Task:
Among the entries below, find the lines that hold the word "Plane" and report them.

Source data:
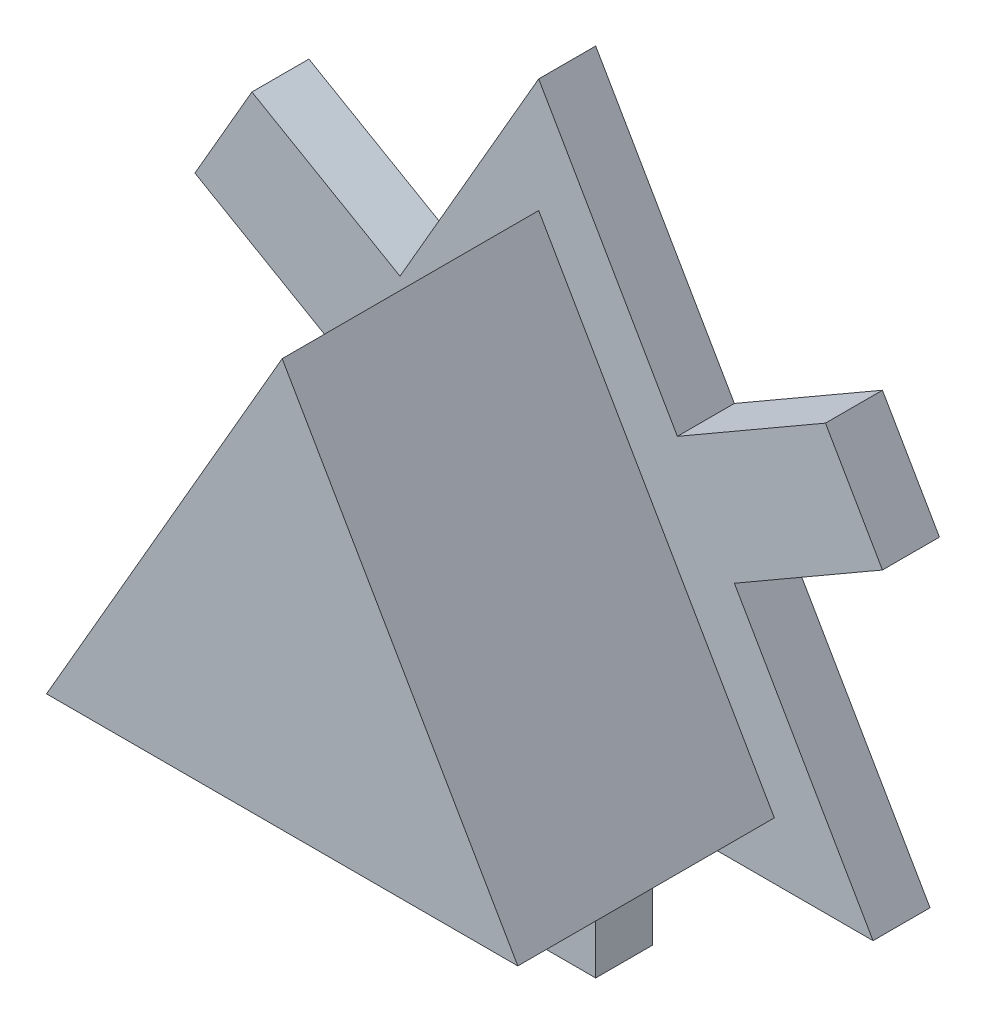
from build123d import *

# Parameters (mm, degrees)
BOSS_EXTRUDE1_DEPTH = 4.5
BOSS_EXTRUDE2_DEPTH = 1


with BuildPart() as part:
    # Sketch1 → Boss-Extrude1 (new body)
    with BuildSketch(Plane.XY):
        Polygon((4.379239374, -1.298375708), (12.647188566, -1.298375708), (8.51321397, 5.86187833), align=None)
    extrude(amount=BOSS_EXTRUDE1_DEPTH)

    # Sketch2 → Boss-Extrude2 (add)
    with BuildSketch(Plane(origin=(0, 0, 0), x_dir=(-1, 0, 0), z_dir=(0, 0, -1))):
        Polygon((-14.544302883, 3.415725908), (-11.946226672, 1.915725908), (-14.379239374, -2.298375708), (-9.51321397, -2.298375708), (-9.51321397, -5.298375708), (-7.51321397, -5.298375708), (-7.51321397, -2.298375708), (-2.647188566, -2.298375708), (-5.080201268, 1.915725908), (-2.482125057, 3.415725908), (-3.482125057, 5.147776715), (-6.080201268, 3.647776715), (-8.51321397, 7.86187833), (-10.946226672, 3.647776715), (-13.544302883, 5.147776715), align=None)
    extrude(amount=BOSS_EXTRUDE2_DEPTH)


solid = part.part

Written solution:
    with BuildSketch(Plane.XY):
    with BuildSketch(Plane(origin=(0, 0, 0), x_dir=(-1, 0, 0), z_dir=(0, 0, -1))):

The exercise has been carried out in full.